Черными покрывалами укрыты они,
Как будто сотканными горячим ветром пустыни из смолы.
С утра до вечера едут они на худых деревянных конях,
Которых привели им плотники из мрачной конюшни.
Они неподвижны, но, глядя на них, мне кажется,
Что едут они куда-то, без остановки.
* * *
Мутасим приказал дать Ибн Ханбалу тридцать восемь ударов плетью в надежде выбить из него признание догмата о сотворенности Корана. Позже, незадолго до смерти, люди, пришедшие навестить Ибн Ханбала, спросили его:– Что ты хочешь сказать о тех, кто так жестоко обошелся с тобой?
– Они подвергли меня мучениям во славу Божью. Они считали, что я заблуждался, а они правы.
* * *
Следуя примеру своего отца Мутасима, следующий халиф Ватик приказал наместнику Басры испытать на веру всех имамов и муэдзинов в вопросе сотворенности Корана. В то же время Ватик послал в Багдад за традиционалистом Ахмадом ибн Насром. Ахмад был доставлен в кандалах в Самарру, во дворец халифа.– Что ты думаешь о происхождении Корана? – спросили его.

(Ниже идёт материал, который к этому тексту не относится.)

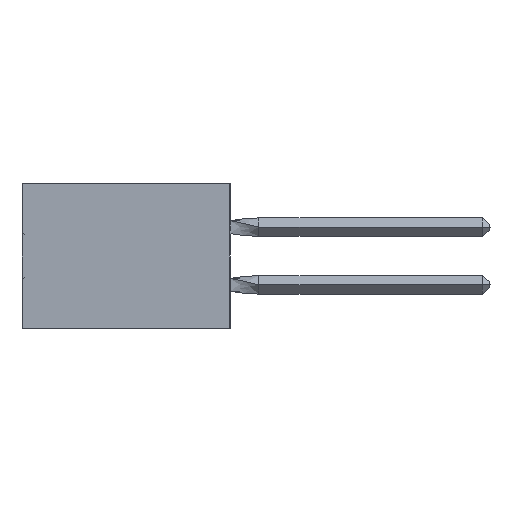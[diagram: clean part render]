
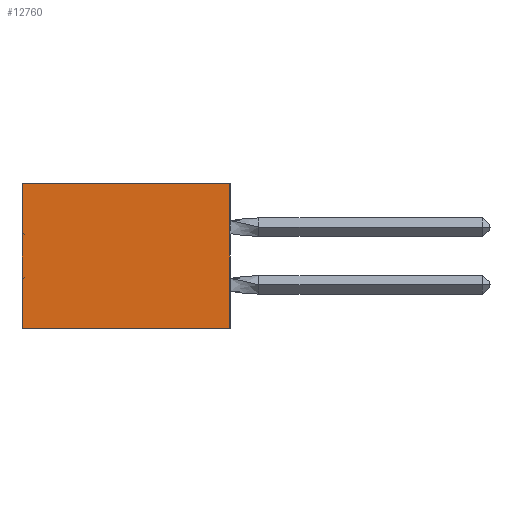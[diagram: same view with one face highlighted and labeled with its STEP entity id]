
A CAD part, left-side view. The second image highlights one B-rep face of the part: STEP entity #12760.
In plain terms, the highlighted planar face has unit normal (-1, 0, 0).
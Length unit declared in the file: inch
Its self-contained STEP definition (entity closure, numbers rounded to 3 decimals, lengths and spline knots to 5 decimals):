
#2190 = DIRECTION ( 'NONE',  ( 0., 0., -1. ) ) ;
#2735 = ORIENTED_EDGE ( 'NONE', *, *, #40915, .T. ) ;
#3404 = CARTESIAN_POINT ( 'NONE',  ( 0.305, 0., -0.5 ) ) ;
#7098 = DIRECTION ( 'NONE',  ( 0., 1., 0. ) ) ;
#8967 = AXIS2_PLACEMENT_3D ( 'NONE', #16172, #21092, #47996 ) ;
#10071 = FACE_OUTER_BOUND ( 'NONE', #18537, .T. ) ;
#10903 = VECTOR ( 'NONE', #37536, 39.37008 ) ;
#11004 = ORIENTED_EDGE ( 'NONE', *, *, #40364, .T. ) ;
#11494 = LINE ( 'NONE', #42683, #10903 ) ;
#12760 = ADVANCED_FACE ( 'NONE', ( #10071 ), #43999, .F. ) ;
#14700 = EDGE_CURVE ( 'NONE', #43816, #18410, #11494, .T. ) ;
#16172 = CARTESIAN_POINT ( 'NONE',  ( 0.305, 0., -0.5 ) ) ;
#18410 = VERTEX_POINT ( 'NONE', #3404 ) ;
#18537 = EDGE_LOOP ( 'NONE', ( #2735, #52264, #54970, #11004 ) ) ;
#19481 = VERTEX_POINT ( 'NONE', #58832 ) ;
#21092 = DIRECTION ( 'NONE',  ( 1., 0., 0. ) ) ;
#22545 = CARTESIAN_POINT ( 'NONE',  ( 0.305, 0., -0.5 ) ) ;
#24602 = VECTOR ( 'NONE', #2190, 39.37008 ) ;
#26042 = LINE ( 'NONE', #52566, #24602 ) ;
#26860 = LINE ( 'NONE', #57378, #36064 ) ;
#28786 = VERTEX_POINT ( 'NONE', #59001 ) ;
#36064 = VECTOR ( 'NONE', #7098, 39.37008 ) ;
#37536 = DIRECTION ( 'NONE',  ( 0., 0., -1. ) ) ;
#40364 = EDGE_CURVE ( 'NONE', #43816, #19481, #26860, .T. ) ;
#40915 = EDGE_CURVE ( 'NONE', #19481, #28786, #26042, .T. ) ;
#41258 = DIRECTION ( 'NONE',  ( 0., 1., 0. ) ) ;
#42683 = CARTESIAN_POINT ( 'NONE',  ( 0.305, 0., -0.5 ) ) ;
#43816 = VERTEX_POINT ( 'NONE', #46363 ) ;
#43999 = PLANE ( 'NONE',  #8967 ) ;
#45974 = EDGE_CURVE ( 'NONE', #18410, #28786, #54587, .T. ) ;
#46363 = CARTESIAN_POINT ( 'NONE',  ( 0.305, 0., 0. ) ) ;
#47996 = DIRECTION ( 'NONE',  ( 0., 0., -1. ) ) ;
#52264 = ORIENTED_EDGE ( 'NONE', *, *, #45974, .F. ) ;
#52566 = CARTESIAN_POINT ( 'NONE',  ( 0.305, 0.72, -0.5 ) ) ;
#54587 = LINE ( 'NONE', #22545, #58055 ) ;
#54970 = ORIENTED_EDGE ( 'NONE', *, *, #14700, .F. ) ;
#57378 = CARTESIAN_POINT ( 'NONE',  ( 0.305, 0., 0. ) ) ;
#58055 = VECTOR ( 'NONE', #41258, 39.37008 ) ;
#58832 = CARTESIAN_POINT ( 'NONE',  ( 0.305, 0.72, 0. ) ) ;
#59001 = CARTESIAN_POINT ( 'NONE',  ( 0.305, 0.72, -0.5 ) ) ;
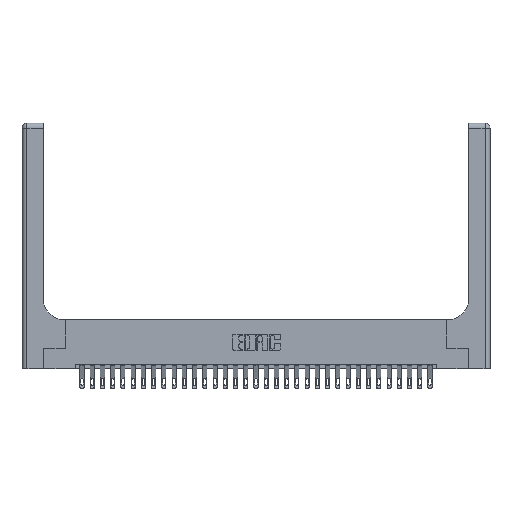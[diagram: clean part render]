
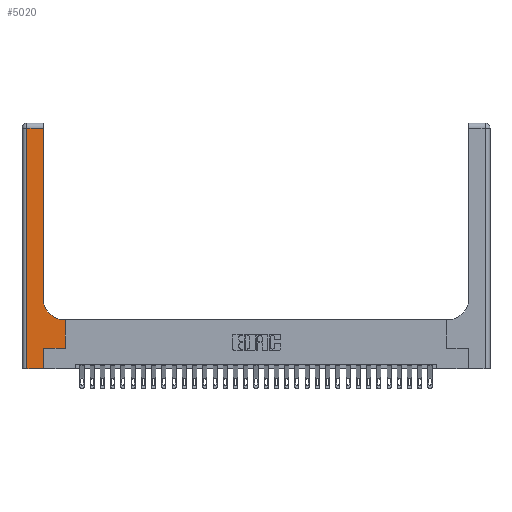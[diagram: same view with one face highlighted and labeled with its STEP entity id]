
A CAD part, top view. The second image highlights one B-rep face of the part: STEP entity #5020.
In plain terms, the highlighted planar face has unit normal (0, 0, 1).
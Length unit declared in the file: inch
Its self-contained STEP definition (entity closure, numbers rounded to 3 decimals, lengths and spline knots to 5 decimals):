
#839 = LINE ( 'NONE', #2442, #17502 ) ;
#1091 = EDGE_CURVE ( 'NONE', #14839, #22022, #12240, .T. ) ;
#1778 = DIRECTION ( 'NONE',  ( 0., 1., 0. ) ) ;
#2074 = ORIENTED_EDGE ( 'NONE', *, *, #26227, .T. ) ;
#2077 = CARTESIAN_POINT ( 'NONE',  ( 0.528, 0.25, 0.37 ) ) ;
#2318 = LINE ( 'NONE', #17219, #29270 ) ;
#2442 = CARTESIAN_POINT ( 'NONE',  ( 0., 2.94, 0.37 ) ) ;
#3622 = LINE ( 'NONE', #14038, #13204 ) ;
#3769 = CARTESIAN_POINT ( 'NONE',  ( 0.06, 2.94, 0.37 ) ) ;
#3829 = DIRECTION ( 'NONE',  ( 0., -1., 0. ) ) ;
#4542 = AXIS2_PLACEMENT_3D ( 'NONE', #17784, #8720, #17684 ) ;
#4849 = VERTEX_POINT ( 'NONE', #16709 ) ;
#4987 = CARTESIAN_POINT ( 'NONE',  ( 0.06, 0., 0.37 ) ) ;
#5020 = ADVANCED_FACE ( 'NONE', ( #16699 ), #15118, .F. ) ;
#5558 = VECTOR ( 'NONE', #22386, 39.37008 ) ;
#5696 = VERTEX_POINT ( 'NONE', #17253 ) ;
#5721 = EDGE_CURVE ( 'NONE', #4849, #14839, #21969, .T. ) ;
#6524 = CARTESIAN_POINT ( 'NONE',  ( 0.528, 0.6, 0.37 ) ) ;
#7682 = EDGE_CURVE ( 'NONE', #22581, #10542, #2318, .T. ) ;
#8720 = DIRECTION ( 'NONE',  ( 0., 0., -1. ) ) ;
#9164 = ORIENTED_EDGE ( 'NONE', *, *, #7682, .T. ) ;
#9733 = EDGE_CURVE ( 'NONE', #22022, #22581, #14316, .T. ) ;
#10542 = VERTEX_POINT ( 'NONE', #28310 ) ;
#11703 = DIRECTION ( 'NONE',  ( 1., 0., 0. ) ) ;
#11906 = LINE ( 'NONE', #13172, #5558 ) ;
#12046 = ORIENTED_EDGE ( 'NONE', *, *, #17933, .T. ) ;
#12199 = DIRECTION ( 'NONE',  ( -1., 0., 0. ) ) ;
#12222 = VERTEX_POINT ( 'NONE', #3769 ) ;
#12240 = LINE ( 'NONE', #16928, #14328 ) ;
#12244 = ORIENTED_EDGE ( 'NONE', *, *, #18507, .T. ) ;
#13057 = DIRECTION ( 'NONE',  ( 0., 1., 0. ) ) ;
#13172 = CARTESIAN_POINT ( 'NONE',  ( 0.265, 0., 0.37 ) ) ;
#13204 = VECTOR ( 'NONE', #11703, 39.37008 ) ;
#13992 = ORIENTED_EDGE ( 'NONE', *, *, #9733, .T. ) ;
#14038 = CARTESIAN_POINT ( 'NONE',  ( 0.265, 0.25, 0.37 ) ) ;
#14069 = CARTESIAN_POINT ( 'NONE',  ( 0., 0., 0.37 ) ) ;
#14316 = CIRCLE ( 'NONE', #15434, 0.25 ) ;
#14328 = VECTOR ( 'NONE', #12199, 39.37008 ) ;
#14443 = CARTESIAN_POINT ( 'NONE',  ( 0.26, 0.85, 0.37 ) ) ;
#14584 = CARTESIAN_POINT ( 'NONE',  ( 0.51, 0.6, 0.37 ) ) ;
#14839 = VERTEX_POINT ( 'NONE', #6524 ) ;
#14931 = VERTEX_POINT ( 'NONE', #22817 ) ;
#15118 = PLANE ( 'NONE',  #4542 ) ;
#15434 = AXIS2_PLACEMENT_3D ( 'NONE', #15794, #27143, #27640 ) ;
#15575 = EDGE_CURVE ( 'NONE', #23056, #5696, #26533, .T. ) ;
#15794 = CARTESIAN_POINT ( 'NONE',  ( 0.51, 0.85, 0.37 ) ) ;
#15979 = VECTOR ( 'NONE', #1778, 39.37008 ) ;
#16699 = FACE_OUTER_BOUND ( 'NONE', #22688, .T. ) ;
#16709 = CARTESIAN_POINT ( 'NONE',  ( 0.528, 0.25, 0.37 ) ) ;
#16928 = CARTESIAN_POINT ( 'NONE',  ( 0.26, 0.6, 0.37 ) ) ;
#17219 = CARTESIAN_POINT ( 'NONE',  ( 0.26, 3., 0.37 ) ) ;
#17253 = CARTESIAN_POINT ( 'NONE',  ( 0.265, 0., 0.37 ) ) ;
#17502 = VECTOR ( 'NONE', #18231, 39.37008 ) ;
#17684 = DIRECTION ( 'NONE',  ( -1., 0., 0. ) ) ;
#17784 = CARTESIAN_POINT ( 'NONE',  ( 0., 3., 0.37 ) ) ;
#17933 = EDGE_CURVE ( 'NONE', #5696, #14931, #11906, .T. ) ;
#18079 = VECTOR ( 'NONE', #23079, 39.37008 ) ;
#18231 = DIRECTION ( 'NONE',  ( -1., 0., 0. ) ) ;
#18507 = EDGE_CURVE ( 'NONE', #12222, #23056, #22139, .T. ) ;
#18980 = VECTOR ( 'NONE', #3829, 39.37008 ) ;
#20315 = ORIENTED_EDGE ( 'NONE', *, *, #1091, .T. ) ;
#20508 = ORIENTED_EDGE ( 'NONE', *, *, #15575, .T. ) ;
#21969 = LINE ( 'NONE', #2077, #15979 ) ;
#22022 = VERTEX_POINT ( 'NONE', #14584 ) ;
#22139 = LINE ( 'NONE', #24305, #18980 ) ;
#22386 = DIRECTION ( 'NONE',  ( 0., 1., 0. ) ) ;
#22581 = VERTEX_POINT ( 'NONE', #14443 ) ;
#22688 = EDGE_LOOP ( 'NONE', ( #9164, #24627, #12244, #20508, #12046, #2074, #24893, #20315, #13992 ) ) ;
#22817 = CARTESIAN_POINT ( 'NONE',  ( 0.265, 0.25, 0.37 ) ) ;
#23056 = VERTEX_POINT ( 'NONE', #4987 ) ;
#23079 = DIRECTION ( 'NONE',  ( 1., 0., 0. ) ) ;
#24305 = CARTESIAN_POINT ( 'NONE',  ( 0.06, 3., 0.37 ) ) ;
#24627 = ORIENTED_EDGE ( 'NONE', *, *, #25458, .T. ) ;
#24893 = ORIENTED_EDGE ( 'NONE', *, *, #5721, .T. ) ;
#25458 = EDGE_CURVE ( 'NONE', #10542, #12222, #839, .T. ) ;
#26227 = EDGE_CURVE ( 'NONE', #14931, #4849, #3622, .T. ) ;
#26533 = LINE ( 'NONE', #14069, #18079 ) ;
#27143 = DIRECTION ( 'NONE',  ( 0., 0., -1. ) ) ;
#27640 = DIRECTION ( 'NONE',  ( 1., 0., 0. ) ) ;
#28310 = CARTESIAN_POINT ( 'NONE',  ( 0.26, 2.94, 0.37 ) ) ;
#29270 = VECTOR ( 'NONE', #13057, 39.37008 ) ;

– Он не был сотворен! – заявил он.
– Каково твое мнение о возможности человека лицезреть образ Бога в день Последнего Суда?
– Сам Бог сказал: «В последний день ты увидишь Господа твоего так, как видишь сейчас луну», – ответил Ахмад и привел в подтверждение еще и одно из Преданий.
– Ты лжец! – сказал Ватик.
– Нет, это ты лжец! – ответил Ахмад.
– Как, – воскликнул халиф, – Бог может быть видим, находиться в физическом теле, быть ограниченным в пространстве и доступным человеческому глазу? Я не верю в Бога с такими атрибутами! Что вы скажете? – обратился он к ученым богословам, рационалистам, которые присутствовали на допросе.
– В соответствии с законом этого человека надо предать смерти, – ответили они.
– Меч мне! – крикнул халиф. – Я сам убью его у вас на глазах. Я возлагаю весь груз моих грехов на этого неверного, который поклоняется богу, которого я не признаю, богу, имеющему атрибуты, которых Истинный Бог не может иметь! Палач, постели свой коврик!
Ахмада, как он был, в оковах, швырнули на коврик палача, и Ватик собственноручно отрубил ему голову.
Тело повесили на виселице в Самарре, голова была насажена на кол в Багдаде, с надписью, прикрепленной к уху и гласившей: «Это голова Ахмада ибн Насра ибн Малика. Раб Божий имам Харун (Ватик) пригласил его, чтобы он признал сотворенность Корана и отрекся от уподобления Бога человеческому существу, но он упорствовал в своих заблуждениях, за что, по Божьей воле, душа его отправилась в Адское Пламя».
К голове был приставлен стражник с копьем, которому было приказано не допускать, чтобы случайный порыв ветра мог повернуть голову лицом в сторону Мекки. Этот солдат рассказывал потом: «Ночью я увидел, как голова сама собой повернулась к Мекке и стала читать суру Корана «Йа Син».